_DATA RECORDS_.
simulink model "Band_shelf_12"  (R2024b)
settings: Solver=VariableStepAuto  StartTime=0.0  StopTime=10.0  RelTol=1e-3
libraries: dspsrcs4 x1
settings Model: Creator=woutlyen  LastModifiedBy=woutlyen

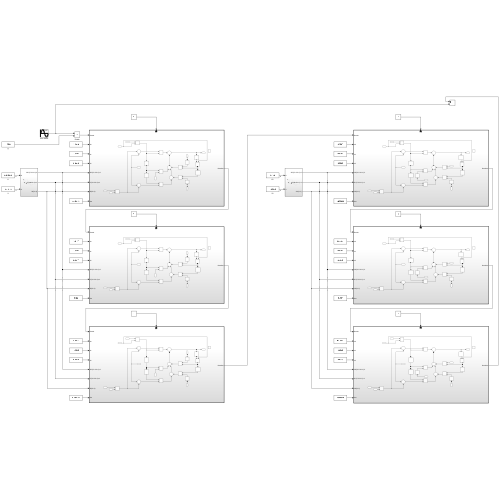
[thumbnail: Simulink's stored preview of the top-level diagram]
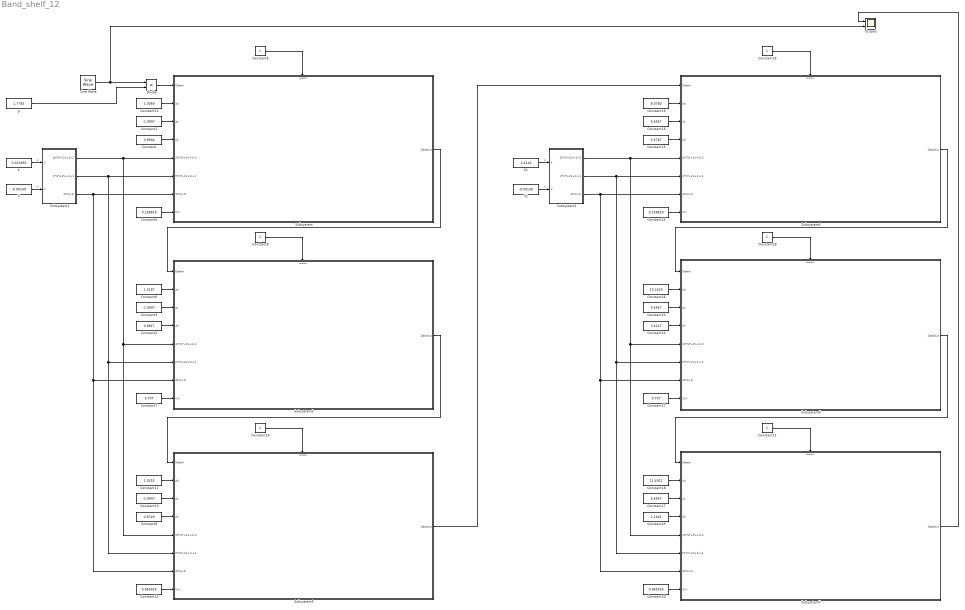
== system Band_shelf_12 ==
  Constant : Constant  Value=0.9934  OutDataTypeStr=fixdt(1,27,23)
  Constant1 : Constant  Value=-1.9997  OutDataTypeStr=fixdt(1,27,23)
  Constant10 : Constant  Value=-1.9997  OutDataTypeStr=fixdt(1,27,23)
  Constant11 : Constant  Value=1.0255  OutDataTypeStr=fixdt(1,27,23)
  Constant12 : Constant  Value=1.0069  OutDataTypeStr=fixdt(1,27,23)
  Constant13 : Constant  Value=0.965926  OutDataTypeStr=fixdt(1,27,23)
  Constant{5,8,14,21,25,28} (6 alike) : Constant  OutDataTypeStr=boolean
  Constant15 : Constant  Value=5.5787  OutDataTypeStr=fixdt(1,29,23)
  Constant16 : Constant  Value=9.6567  OutDataTypeStr=fixdt(1,29,23)
  Constant17 : Constant  Value=9.6567  OutDataTypeStr=fixdt(1,29,23)
  Constant18 : Constant  Value=11.4922  OutDataTypeStr=fixdt(1,29,23)
  Constant19 : Constant  Value=8.0780  OutDataTypeStr=fixdt(1,29,23)
  Constant2 : Constant  Value=0.9817  OutDataTypeStr=fixdt(1,27,23)
  Constant20 : Constant  Value=0.965926  OutDataTypeStr=fixdt(1,27,23)
  Constant22 : Constant  Value=3.4147  OutDataTypeStr=fixdt(1,29,23)
  Constant23 : Constant  Value=9.6567  OutDataTypeStr=fixdt(1,29,23)
  Constant24 : Constant  Value=0.258819  OutDataTypeStr=fixdt(1,27,23)
  Constant26 : Constant  Value=10.2420  OutDataTypeStr=fixdt(1,29,23)
  Constant27 : Constant  Value=0.707  OutDataTypeStr=fixdt(1,27,23)
  Constant29 : Constant  Value=2.1645  OutDataTypeStr=fixdt(1,29,23)
  Constant3 : Constant  Value=-1.9997  OutDataTypeStr=fixdt(1,27,23)
  Constant4 : Constant  Value=0.258819  OutDataTypeStr=fixdt(1,27,23)
  Constant6 : Constant  Value=1.0187  OutDataTypeStr=fixdt(1,27,23)
  Constant7 : Constant  Value=0.707  OutDataTypeStr=fixdt(1,27,23)
  Constant9 : Constant  Value=0.9749  OutDataTypeStr=fixdt(1,27,23)
  Divide : Product  Inputs=**  OutDataTypeStr=fixdt(1,27,23)
  K : Constant  Value=0.013091  OutDataTypeStr=fixdt(1,27,23)
  K1 : Constant  Value=2.4142  OutDataTypeStr=fixdt(1,27,23)
  Scope1 : Scope  NumInputPorts=2
  Sine Wave : dspsrcs4/Sine Wave  Amplitude=0.5012  Frequency=3000  Phase=0  SampleMode=Discrete  OutComplex=Real  CompMethod=Table lookup  TableSize=Speed  SampleTime=1/48000  SamplesPerFrame=1  ResetState=Restart at time zero  OutputFrames=off  dataType=Fixed-point  wordLen=24  udDataType=sfix(16)  fracBitsMode=User-defined  numFracBits=23  OutDataTypeStr=fixdt(1,24,23)  LastOutDataTypeStr=fixdt(1,24,23)
  Subsystem : Subsystem
  Subsystem1 : Subsystem
  Subsystem2 : Subsystem
  Subsystem3 : Subsystem
  Subsystem4 : Subsystem
  Subsystem5 : Subsystem
  Subsystem6 : Subsystem
  Subsystem7 : Subsystem
  V : Constant  Value=-0.09149  OutDataTypeStr=fixdt(1,27,23)
  V1 : Constant  Value=-0.09149  OutDataTypeStr=fixdt(1,27,23)
  g : Constant  Value=1.7783  OutDataTypeStr=fixdt(1,27,23)
  wires:
  Constant1/1 -> Subsystem/3(a1)
  Sine Wave/1 -> Divide/1, Scope1/2
  Constant5/1 -> Subsystem/Enable
  Constant12/1 -> Subsystem/2(a0)
  Subsystem1/2(K²(V²+2V+1)+1) -> Subsystem/6(K²(V²+2V+1)+1), Subsystem3/6(K²(V²+2V+1)+1), Subsystem2/6(K²(V²+2V+1)+1)
  Constant9/1 -> Subsystem3/4(a2)
  Subsystem2/1(DataOut) -> Subsystem3/1(DataIn)
  V/1 -> Subsystem1/2(V)  "V"
  K/1 -> Subsystem1/1(K)  "K"
  Constant8/1 -> Subsystem2/Enable
  Constant10/1 -> Subsystem3/3(a1)
  Constant13/1 -> Subsystem3/8(Cm)
  Constant11/1 -> Subsystem3/2(a0)
  Constant4/1 -> Subsystem/8(Cm)
  Constant3/1 -> Subsystem2/3(a1)
  Constant7/1 -> Subsystem2/8(Cm)
  Subsystem/1(DataOut) -> Subsystem2/1(DataIn)
  Constant6/1 -> Subsystem2/2(a0)
  Constant14/1 -> Subsystem3/Enable
  Constant2/1 -> Subsystem2/4(a2)
  Subsystem1/1(2K²(V²+2V+1)-2) -> Subsystem/5(2K²(V²+2V+1)-2), Subsystem3/5(2K²(V²+2V+1)-2), Subsystem2/5(2K²(V²+2V+1)-2)
  Subsystem1/3(2K(V+1)) -> Subsystem/7(2K(V+1)), Subsystem3/7(2K(V+1)), Subsystem2/7(2K(V+1))
  Constant/1 -> Subsystem/4(a2)
  Subsystem6/1(DataOut) -> Subsystem7/1(DataIn)
  Subsystem5/3(2K(V+1)) -> Subsystem4/7(2K(V+1)), Subsystem7/7(2K(V+1)), Subsystem6/7(2K(V+1))
  Subsystem7/1(DataOut) -> Scope1/1
  Constant19/1 -> Subsystem4/2(a0)
  Constant20/1 -> Subsystem7/8(Cm)
  Constant21/1 -> Subsystem7/Enable
  Constant24/1 -> Subsystem4/8(Cm)
  K1/1 -> Subsystem5/1(K)  "K"
  Constant15/1 -> Subsystem4/4(a2)
  Subsystem5/2(K²(V²+2V+1)+1) -> Subsystem4/6(K²(V²+2V+1)+1), Subsystem7/6(K²(V²+2V+1)+1), Subsystem6/6(K²(V²+2V+1)+1)
  Constant28/1 -> Subsystem6/Enable
  Constant27/1 -> Subsystem6/8(Cm)
  Constant17/1 -> Subsystem7/3(a1)
  V1/1 -> Subsystem5/2(V)  "V"
  Constant29/1 -> Subsystem7/4(a2)
  Constant23/1 -> Subsystem6/3(a1)
  Constant18/1 -> Subsystem7/2(a0)
  Constant22/1 -> Subsystem6/4(a2)
  Subsystem4/1(DataOut) -> Subsystem6/1(DataIn)
  Constant26/1 -> Subsystem6/2(a0)
  Subsystem5/1(2K²(V²+2V+1)-2) -> Subsystem4/5(2K²(V²+2V+1)-2), Subsystem7/5(2K²(V²+2V+1)-2), Subsystem6/5(2K²(V²+2V+1)-2)
  Constant25/1 -> Subsystem4/Enable
  Constant16/1 -> Subsystem4/3(a1)
  Subsystem3/1(DataOut) -> Subsystem4/1(DataIn)
  Divide/1 -> Subsystem/1(DataIn)
  g/1 -> Divide/2

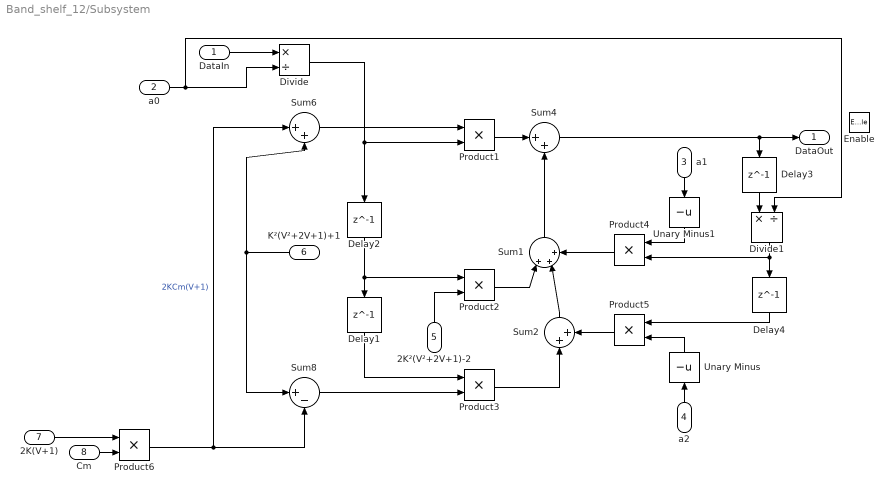
== system Band_shelf_12/Subsystem ==
  DataIn : Inport
  a0 : Inport  Port=2
  a1 : Inport  Port=3
  a2 : Inport  Port=4
  2K²(V²+2V+1)-2 : Inport  Port=5
  K²(V²+2V+1)+1 : Inport  Port=6
  2K(V+1) : Inport  Port=7
  Cm : Inport  Port=8
  Enable : EnablePort
  Delay{1..4} (4 alike) : Delay  DelayLength=1  InitialCondition=0
  Divide : Product  Inputs=*/  OutDataTypeStr=fixdt(1,27,23)
  Divide1 : Product  Inputs=*/  OutDataTypeStr=fixdt(1,27,23)
  Product{1..6} (6 alike) : Product  OutDataTypeStr=fixdt(1,27,23)
  Sum1 : Sum  Inputs=|+++
  Sum2 : Sum  Inputs=|++
  Sum4 : Sum  Inputs=|++
  Sum6 : Sum  Inputs=|++
  Sum8 : Sum  Inputs=|+-
  Unary Minus : UnaryMinus
  Unary Minus1 : UnaryMinus
  DataOut : Outport  VectorParamsAs1DForOutWhenUnconnected=off
  wires:
  Sum1/1 -> Sum4/2
  Product5/1 -> Sum2/2
  a1/1 -> Unary Minus1/1
  Unary Minus1/1 -> Product4/1
  Delay3/1 -> Divide1/1
  DataIn/1 -> Divide/1
  Product3/1 -> Sum2/1
  a0/1 -> Divide/2, Divide1/2
  K²(V²+2V+1)+1/1 -> Sum8/1, Sum6/2
  Unary Minus/1 -> Product5/2
  2K(V+1)/1 -> Product6/1
  Sum4/1 -> DataOut/1, Delay3/1
  Delay4/1 -> Product5/1
  Sum6/1 -> Product1/1
  2K²(V²+2V+1)-2/1 -> Product2/2
  Sum8/1 -> Product3/2
  Product6/1 -> Sum6/1, Sum8/2  "2KCm(V+1)"
  Divide1/1 -> Product4/2, Delay4/1
  Product2/1 -> Sum1/1
  Product4/1 -> Sum1/3
  Delay1/1 -> Product3/1
  Delay2/1 -> Product2/1, Delay1/1
  a2/1 -> Unary Minus/1
  Sum2/1 -> Sum1/2
  Divide/1 -> Product1/2, Delay2/1
  Cm/1 -> Product6/2
  Product1/1 -> Sum4/1

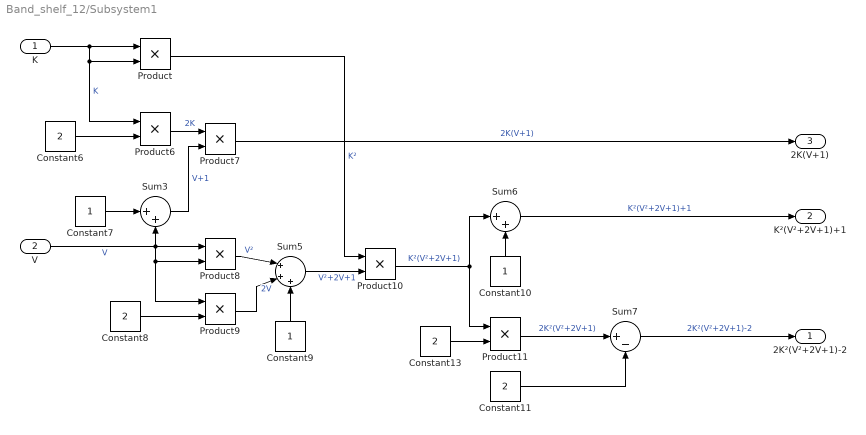
== system Band_shelf_12/Subsystem1 ==
  K : Inport
  V : Inport  Port=2
  Constant10 : Constant  SampleTime=-1
  Constant{6,8,11,13} (4 alike) : Constant  Value=2  SampleTime=-1
  Constant7 : Constant  SampleTime=-1
  Constant9 : Constant  SampleTime=-1
  Product{,6..11} (7 alike) : Product  OutDataTypeStr=fixdt(1,27,23)
  Sum3 : Sum  Inputs=|++
  Sum5 : Sum  Inputs=|+++
  Sum6 : Sum  Inputs=|++
  Sum7 : Sum  Inputs=|+-
  2K²(V²+2V+1)-2 : Outport
  K²(V²+2V+1)+1 : Outport  Port=2
  2K(V+1) : Outport  Port=3
  wires:
  Constant8/1 -> Product9/2
  Product11/1 -> Sum7/1  "2K²(V²+2V+1)"
  Constant7/1 -> Sum3/1
  Constant10/1 -> Sum6/2
  Sum3/1 -> Product7/2  "V+1"
  Constant9/1 -> Sum5/3
  Sum6/1 -> K²(V²+2V+1)+1/1  "K²(V²+2V+1)+1"
  Product10/1 -> Sum6/1, Product11/1  "K²(V²+2V+1)"
  Sum5/1 -> Product10/2  "V²+2V+1"
  Constant11/1 -> Sum7/2
  Product6/1 -> Product7/1  "2K"
  Product7/1 -> 2K(V+1)/1  "2K(V+1)"
  V/1 -> Product9/1, Product8/2, Product8/1, Sum3/2  "V"
  Sum7/1 -> 2K²(V²+2V+1)-2/1  "2K²(V²+2V+1)-2"
  K/1 -> Product6/1, Product/2, Product/1  "K"
  Constant6/1 -> Product6/2
  Product8/1 -> Sum5/1  "V²"
  Constant13/1 -> Product11/2
  Product9/1 -> Sum5/2  "2V"
  Product/1 -> Product10/1  "K²"

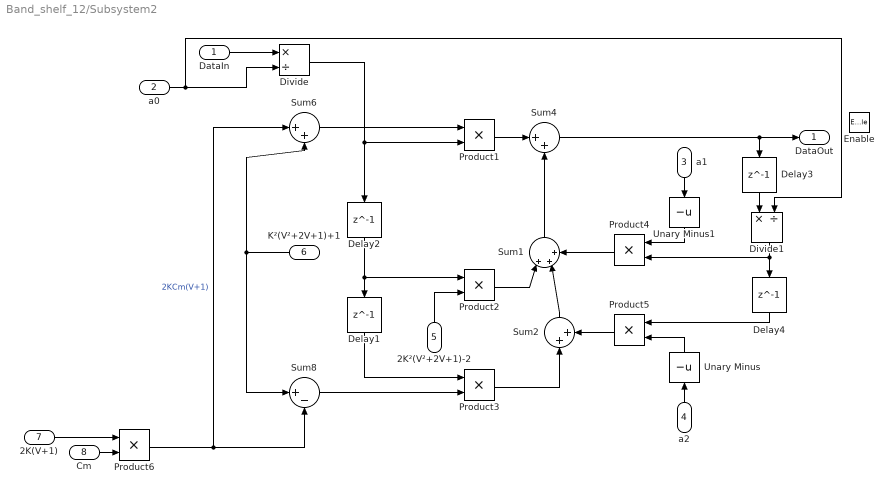
== system Band_shelf_12/Subsystem2 ==
  DataIn : Inport
  a0 : Inport  Port=2
  a1 : Inport  Port=3
  a2 : Inport  Port=4
  2K²(V²+2V+1)-2 : Inport  Port=5
  K²(V²+2V+1)+1 : Inport  Port=6
  2K(V+1) : Inport  Port=7
  Cm : Inport  Port=8
  Enable : EnablePort
  Delay{1..4} (4 alike) : Delay  DelayLength=1  InitialCondition=0
  Divide : Product  Inputs=*/  OutDataTypeStr=fixdt(1,27,23)
  Divide1 : Product  Inputs=*/  OutDataTypeStr=fixdt(1,27,23)
  Product{1..6} (6 alike) : Product  OutDataTypeStr=fixdt(1,27,23)
  Sum1 : Sum  Inputs=|+++
  Sum2 : Sum  Inputs=|++
  Sum4 : Sum  Inputs=|++
  Sum6 : Sum  Inputs=|++
  Sum8 : Sum  Inputs=|+-
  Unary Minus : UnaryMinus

_TASK DETAILS_.
From the records above, copy only the lines starting with the line that holds "Constant9/1 -> Subsystem3/4(a2)" and going on through the line that holds "Subsystem6/1(DataOut) -> Subsystem7/1(DataIn)", exactly as written.

_SOLUTION TO THIS TASK_.
  Constant9/1 -> Subsystem3/4(a2)
  Subsystem2/1(DataOut) -> Subsystem3/1(DataIn)
  V/1 -> Subsystem1/2(V)  "V"
  K/1 -> Subsystem1/1(K)  "K"
  Constant8/1 -> Subsystem2/Enable
  Constant10/1 -> Subsystem3/3(a1)
  Constant13/1 -> Subsystem3/8(Cm)
  Constant11/1 -> Subsystem3/2(a0)
  Constant4/1 -> Subsystem/8(Cm)
  Constant3/1 -> Subsystem2/3(a1)
  Constant7/1 -> Subsystem2/8(Cm)
  Subsystem/1(DataOut) -> Subsystem2/1(DataIn)
  Constant6/1 -> Subsystem2/2(a0)
  Constant14/1 -> Subsystem3/Enable
  Constant2/1 -> Subsystem2/4(a2)
  Subsystem1/1(2K²(V²+2V+1)-2) -> Subsystem/5(2K²(V²+2V+1)-2), Subsystem3/5(2K²(V²+2V+1)-2), Subsystem2/5(2K²(V²+2V+1)-2)
  Subsystem1/3(2K(V+1)) -> Subsystem/7(2K(V+1)), Subsystem3/7(2K(V+1)), Subsystem2/7(2K(V+1))
  Constant/1 -> Subsystem/4(a2)
  Subsystem6/1(DataOut) -> Subsystem7/1(DataIn)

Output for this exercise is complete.